EXTRACTED RECORDS:
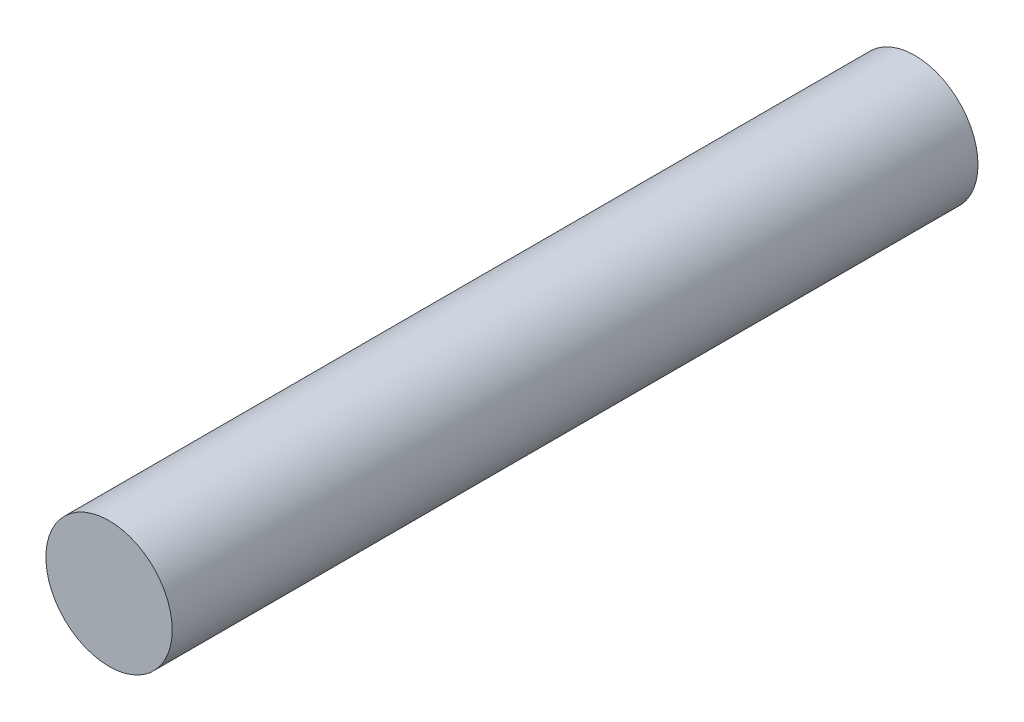
from build123d import *

# Parameters (mm, degrees)
SKETCH3_R           = 6.35
BOSS_EXTRUDE1_DEPTH = 81.02346


with BuildPart() as part:
    # Sketch3 → Boss-Extrude1 (new body)
    with BuildSketch(Plane.XY.offset(58.16346)):
        with Locations((-36.068, 0)):
            Circle(SKETCH3_R)
    extrude(amount=-BOSS_EXTRUDE1_DEPTH)


solid = part.part
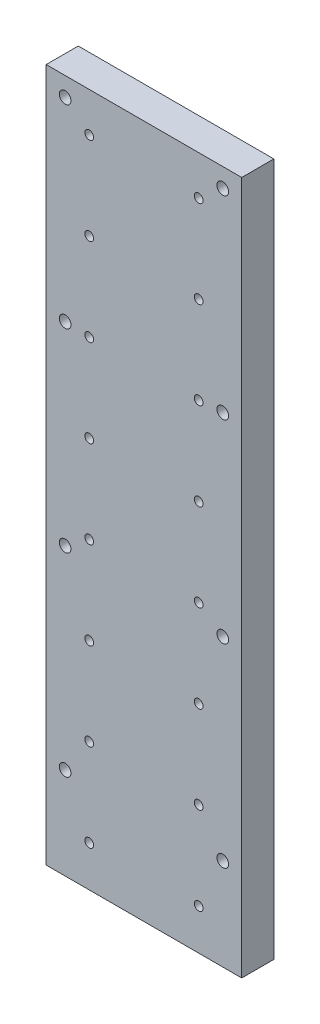
from build123d import *

# Parameters (mm, degrees)
SZKIC1_W                    = 134
SZKIC1_H                    = 475
DODANIE_WYCI_GNI_CIE1_DEPTH = 22
SZKIC2_R                    = 4
WYTNIJ_WYCI_GNI_CIE1_DEPTH  = 22
SZKIC4_R                    = 6.5
WYTNIJ_WYCI_GNI_CIE3_DEPTH  = 9
SZYK_LINIOWY3_COUNT         = 4
SZYK_LINIOWY3_PITCH         = 133
SZKIC5_R                    = 3
WYTNIJ_WYCI_GNI_CIE4_DEPTH  = 220
SZYK_LINIOWY5_COUNT         = 8
SZYK_LINIOWY5_PITCH         = 60
SZYK_LINIOWY5_COUNT_DIR2    = 2
SZYK_LINIOWY5_PITCH_DIR2    = 75


with BuildPart() as part:
    # Szkic1 → Dodanie-wyciągnięcie1 (new body)
    with BuildSketch(Plane.XY):
        Rectangle(SZKIC1_W, SZKIC1_H)
    extrude(amount=DODANIE_WYCI_GNI_CIE1_DEPTH)

    # Szkic2 → Wytnij-wyciągnięcie1 (cut)
    with BuildSketch(Plane.XY.offset(22)):
        with Locations((-54, 224.5)):
            Circle(SZKIC2_R)
        with Locations((54, 224.5)):
            Circle(SZKIC2_R)
    wytnij_wyci_gni_cie1 = extrude(amount=-WYTNIJ_WYCI_GNI_CIE1_DEPTH, mode=Mode.SUBTRACT)

    # Szkic4 → Wytnij-wyciągnięcie3 (cut)
    with BuildSketch(Plane(origin=(0, 0, 0), x_dir=(-1, 0, 0), z_dir=(0, 0, -1))):
        with Locations((-54, 224.5)):
            Circle(SZKIC4_R)
        with Locations((54, 224.5)):
            Circle(SZKIC4_R)
    wytnij_wyci_gni_cie3 = extrude(amount=-WYTNIJ_WYCI_GNI_CIE3_DEPTH, mode=Mode.SUBTRACT)

    # Szyk liniowy3: Wytnij-wyciągnięcie1, Wytnij-wyciągnięcie3 ×4
    with Locations(*[(0, -i * SZYK_LINIOWY3_PITCH, 0) for i in range(1, SZYK_LINIOWY3_COUNT)]):
        add(wytnij_wyci_gni_cie1, mode=Mode.SUBTRACT)
        add(wytnij_wyci_gni_cie3, mode=Mode.SUBTRACT)

    # Szkic5 → Wytnij-wyciągnięcie4 (cut)
    with BuildSketch(Plane(origin=(0, 0, 0), x_dir=(-1, 0, 0), z_dir=(0, 0, -1))):
        with Locations((37.5, 210.5)):
            Circle(SZKIC5_R)
    wytnij_wyci_gni_cie4 = extrude(amount=-WYTNIJ_WYCI_GNI_CIE4_DEPTH, mode=Mode.SUBTRACT)

    # Szyk liniowy5: Wytnij-wyci_gni_cie4 8 × 2
    with Locations(*[(j * SZYK_LINIOWY5_PITCH_DIR2, -i * SZYK_LINIOWY5_PITCH, 0) for i in range(SZYK_LINIOWY5_COUNT) for j in range(SZYK_LINIOWY5_COUNT_DIR2) if (i, j) != (0, 0)]):
        add(wytnij_wyci_gni_cie4, mode=Mode.SUBTRACT)


solid = part.part
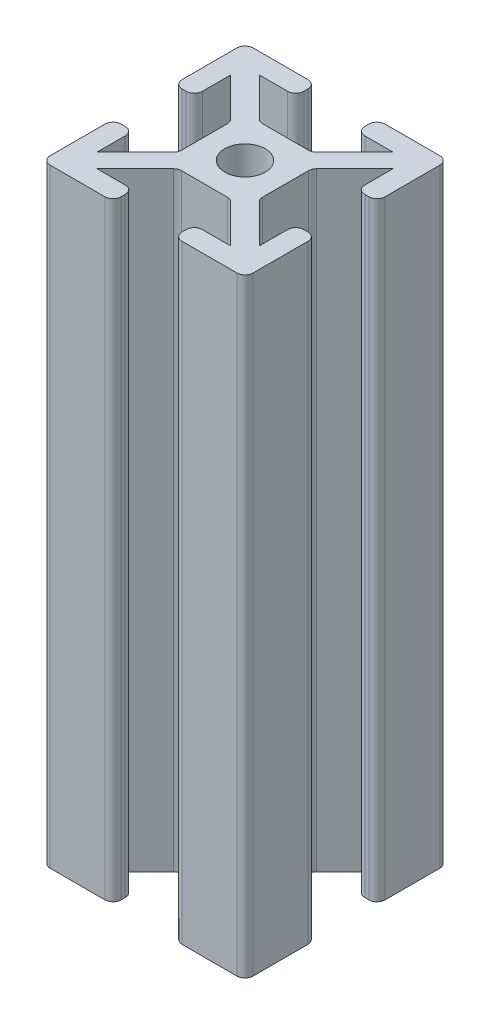
from build123d import *

# Parameters (mm, degrees)
SKETCH1_R           = 2
PROFILE_4X4_1_DEPTH = 60


with BuildPart() as part:
    # Sketch1 → Profile 4X4(1) (new body)
    with BuildSketch(Plane.XZ.offset(-34)):
        with BuildLine():
            Line((-3, 9.2), (-3, 8.8))
            ThreePointArc((-3, 8.8), (-3.234314575, 8.234314575), (-3.8, 8))
            Line((-3.8, 8), (-6.585786438, 8))
            Line((-6.585786438, 8), (-2.820101013, 4.234314575))
            ThreePointArc((-2.820101013, 4.234314575), (-2.560562334, 4.060896374), (-2.254415588, 4))
            Line((-2.254415588, 4), (2.254415588, 4))
            ThreePointArc((2.254415588, 4), (2.560562334, 4.060896374), (2.820101013, 4.234314575))
            Line((2.820101013, 4.234314575), (6.585786438, 8))
            Line((6.585786438, 8), (3.8, 8))
            ThreePointArc((3.8, 8), (3.234314575, 8.234314575), (3, 8.8))
            Line((3, 8.8), (3, 9.2))
            ThreePointArc((3, 9.2), (3.234314575, 9.765685425), (3.8, 10))
            Line((3.8, 10), (9.2, 10))
            ThreePointArc((9.2, 10), (9.765685425, 9.765685425), (10, 9.2))
            Line((10, 9.2), (10, 3.8))
            ThreePointArc((10, 3.8), (9.765685425, 3.234314575), (9.2, 3))
            Line((9.2, 3), (8.8, 3))
            ThreePointArc((8.8, 3), (8.234314575, 3.234314575), (8, 3.8))
            Line((8, 3.8), (8, 6.585786438))
            Line((8, 6.585786438), (4.234314575, 2.820101013))
            ThreePointArc((4.234314575, 2.820101013), (4.060896374, 2.560562334), (4, 2.254415588))
            Line((4, 2.254415588), (4, -2.254415588))
            ThreePointArc((4, -2.254415588), (4.060896374, -2.560562334), (4.234314575, -2.820101013))
            Line((4.234314575, -2.820101013), (8, -6.585786438))
            Line((8, -6.585786438), (8, -3.8))
            ThreePointArc((8, -3.8), (8.234314575, -3.234314575), (8.8, -3))
            Line((8.8, -3), (9.2, -3))
            ThreePointArc((9.2, -3), (9.765685425, -3.234314575), (10, -3.8))
            Line((10, -3.8), (10, -9.2))
            ThreePointArc((10, -9.2), (9.765685425, -9.765685425), (9.2, -10))
            Line((9.2, -10), (3.8, -10))
            ThreePointArc((3.8, -10), (3.234314575, -9.765685425), (3, -9.2))
            Line((3, -9.2), (3, -8.8))
            ThreePointArc((3, -8.8), (3.234314575, -8.234314575), (3.8, -8))
            Line((3.8, -8), (6.585786438, -8))
            Line((6.585786438, -8), (2.820101013, -4.234314575))
            ThreePointArc((2.820101013, -4.234314575), (2.560562334, -4.060896374), (2.254415588, -4))
            Line((2.254415588, -4), (-2.254415588, -4))
            ThreePointArc((-2.254415588, -4), (-2.560562334, -4.060896374), (-2.820101013, -4.234314575))
            Line((-2.820101013, -4.234314575), (-6.585786438, -8))
            Line((-6.585786438, -8), (-3.8, -8))
            ThreePointArc((-3.8, -8), (-3.234314575, -8.234314575), (-3, -8.8))
            Line((-3, -8.8), (-3, -9.2))
            ThreePointArc((-3, -9.2), (-3.234314575, -9.765685425), (-3.8, -10))
            Line((-3.8, -10), (-9.2, -10))
            ThreePointArc((-9.2, -10), (-9.765685425, -9.765685425), (-10, -9.2))
            Line((-10, -9.2), (-10, -3.8))
            ThreePointArc((-10, -3.8), (-9.765685425, -3.234314575), (-9.2, -3))
            Line((-9.2, -3), (-8.8, -3))
            ThreePointArc((-8.8, -3), (-8.234314575, -3.234314575), (-8, -3.8))
            Line((-8, -3.8), (-8, -6.585786438))
            Line((-8, -6.585786438), (-4.234314575, -2.820101013))
            ThreePointArc((-4.234314575, -2.820101013), (-4.060896374, -2.560562334), (-4, -2.254415588))
            Line((-4, -2.254415588), (-4, 2.254415588))
            ThreePointArc((-4, 2.254415588), (-4.060896374, 2.560562334), (-4.234314575, 2.820101013))
            Line((-4.234314575, 2.820101013), (-8, 6.585786438))
            Line((-8, 6.585786438), (-8, 3.8))
            ThreePointArc((-8, 3.8), (-8.234314575, 3.234314575), (-8.8, 3))
            Line((-8.8, 3), (-9.2, 3))
            ThreePointArc((-9.2, 3), (-9.765685425, 3.234314575), (-10, 3.8))
            Line((-10, 3.8), (-10, 9.2))
            ThreePointArc((-10, 9.2), (-9.765685425, 9.765685425), (-9.2, 10))
            Line((-9.2, 10), (-3.8, 10))
            ThreePointArc((-3.8, 10), (-3.234314575, 9.765685425), (-3, 9.2))
        make_face()
        Circle(SKETCH1_R, mode=Mode.SUBTRACT)
    extrude(amount=PROFILE_4X4_1_DEPTH)


solid = part.part
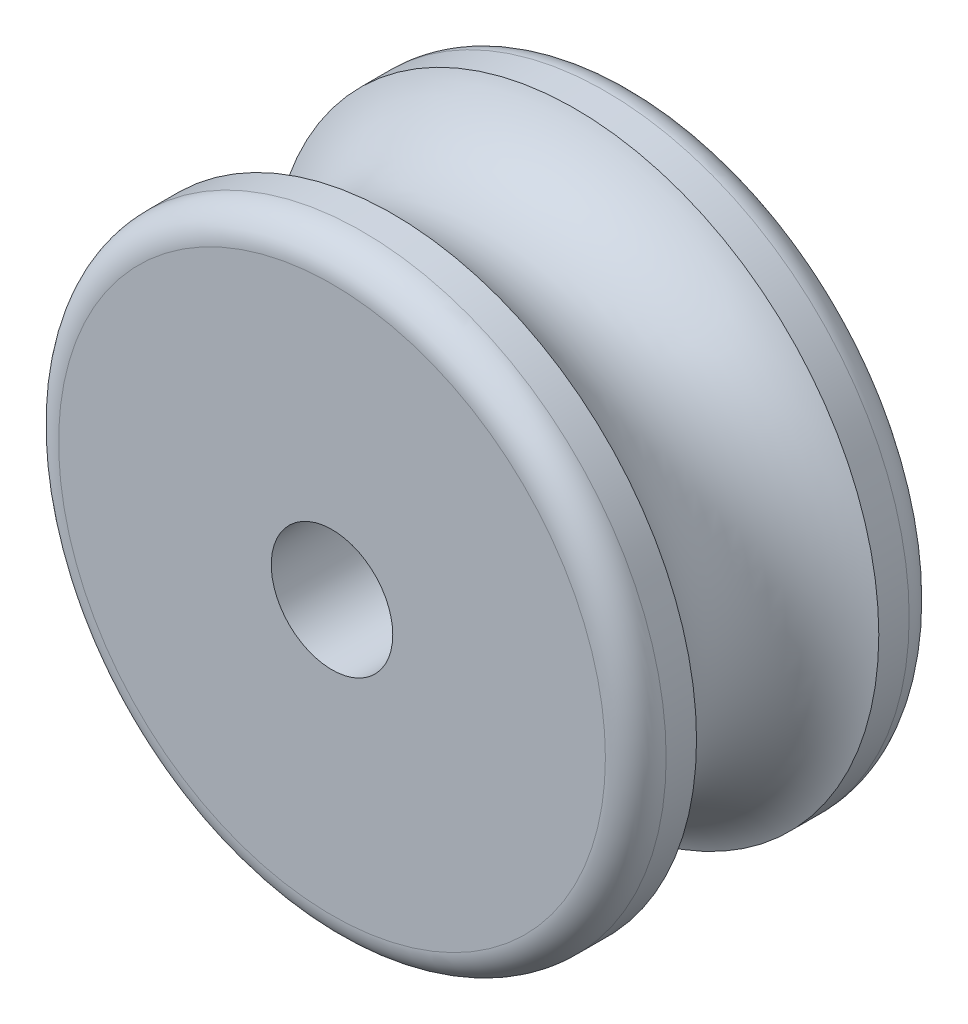
from build123d import *

# Parameters (mm, degrees)
SKETCH1_R           = 5
BOSS_EXTRUDE1_DEPTH = 5
FILLET1_R           = 0.5
SKETCH4_R           = 1
CUT_EXTRUDE1_DEPTH  = 5


with BuildPart() as part:
    # Sketch1 → Boss-Extrude1 (new body)
    with BuildSketch(Plane.XY):
        Circle(SKETCH1_R)
    extrude(amount=BOSS_EXTRUDE1_DEPTH)

    # Sketch2 → Cut-Revolve1 (revolve, cut)
    with BuildSketch(Plane(origin=(0, 0, 0), x_dir=(0, 0, -1), z_dir=(1, 0, 0))):
        with BuildLine():
            Line((-4, 5), (-1, 5))
            ThreePointArc((-1, 5), (-2.5, 4), (-4, 5))
        make_face()
    revolve(axis=Axis((0, 0, 5.25), (0, 0, -1)), mode=Mode.SUBTRACT)

    # Fillet1
    fillet1_edges = [part.edges().sort_by_distance(p)[0] for p in [
        (-5, 0, 0),
        (-5, 0, 5),
    ]]
    fillet(fillet1_edges, radius=FILLET1_R)

    # Sketch4 → Cut-Extrude1 (cut)
    with BuildSketch(Plane.XY.offset(5)):
        Circle(SKETCH4_R)
    extrude(amount=-CUT_EXTRUDE1_DEPTH, mode=Mode.SUBTRACT)


solid = part.part
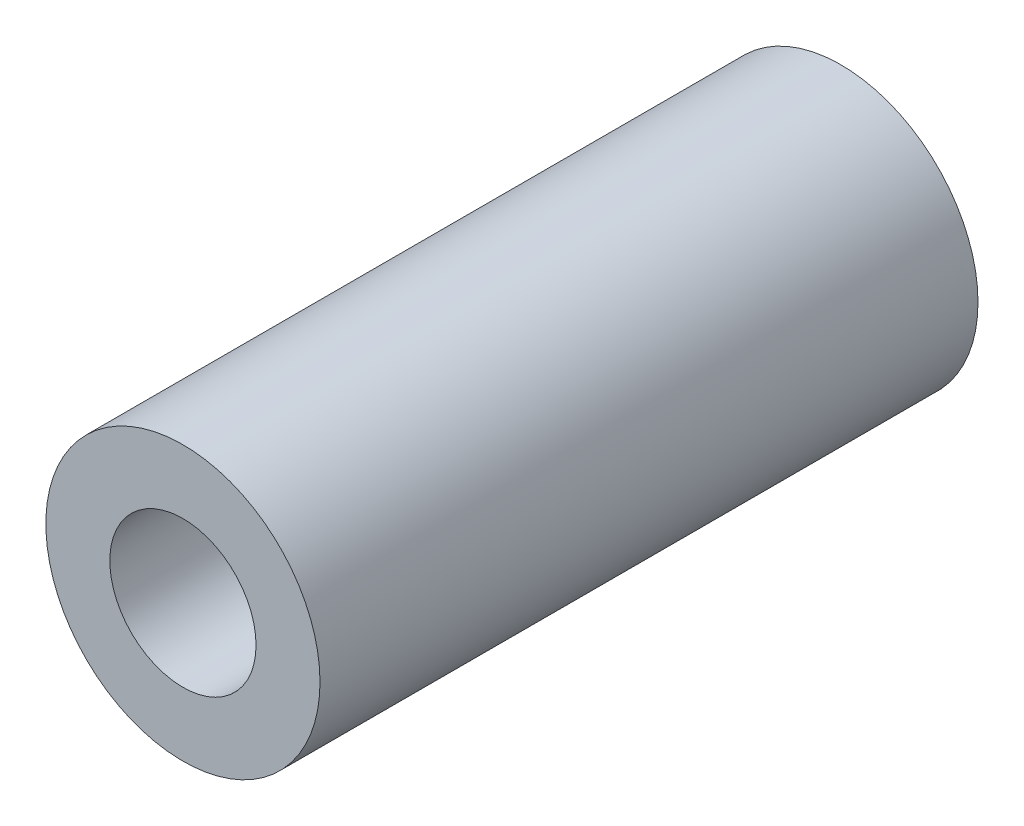
from build123d import *

# Parameters (mm, degrees)
SKETCH1_R           = 3.75
SKETCH1_R_2         = 2.00000381
BOSS_EXTRUDE1_DEPTH = 18


with BuildPart() as part:
    # Sketch1 → Boss-Extrude1 (new body)
    with BuildSketch(Plane.XY.offset(73.33537242)):
        with Locations((-17.900817576, 104.015877234)):
            Circle(SKETCH1_R)
        with Locations((-17.900817576, 104.015877234)):
            Circle(SKETCH1_R_2, mode=Mode.SUBTRACT)
    extrude(amount=BOSS_EXTRUDE1_DEPTH)


solid = part.part

TASK PROMPT: Using the entries above, repeat only the lines from the one containing "Line((-10, -9.2), (-10, -3.8))" through the one containing "-3.234314575), (-8, -3.8))", end lines included.

SOLUTION:
            Line((-10, -9.2), (-10, -3.8))
            ThreePointArc((-10, -3.8), (-9.765685425, -3.234314575), (-9.2, -3))
            Line((-9.2, -3), (-8.8, -3))
            ThreePointArc((-8.8, -3), (-8.234314575, -3.234314575), (-8, -3.8))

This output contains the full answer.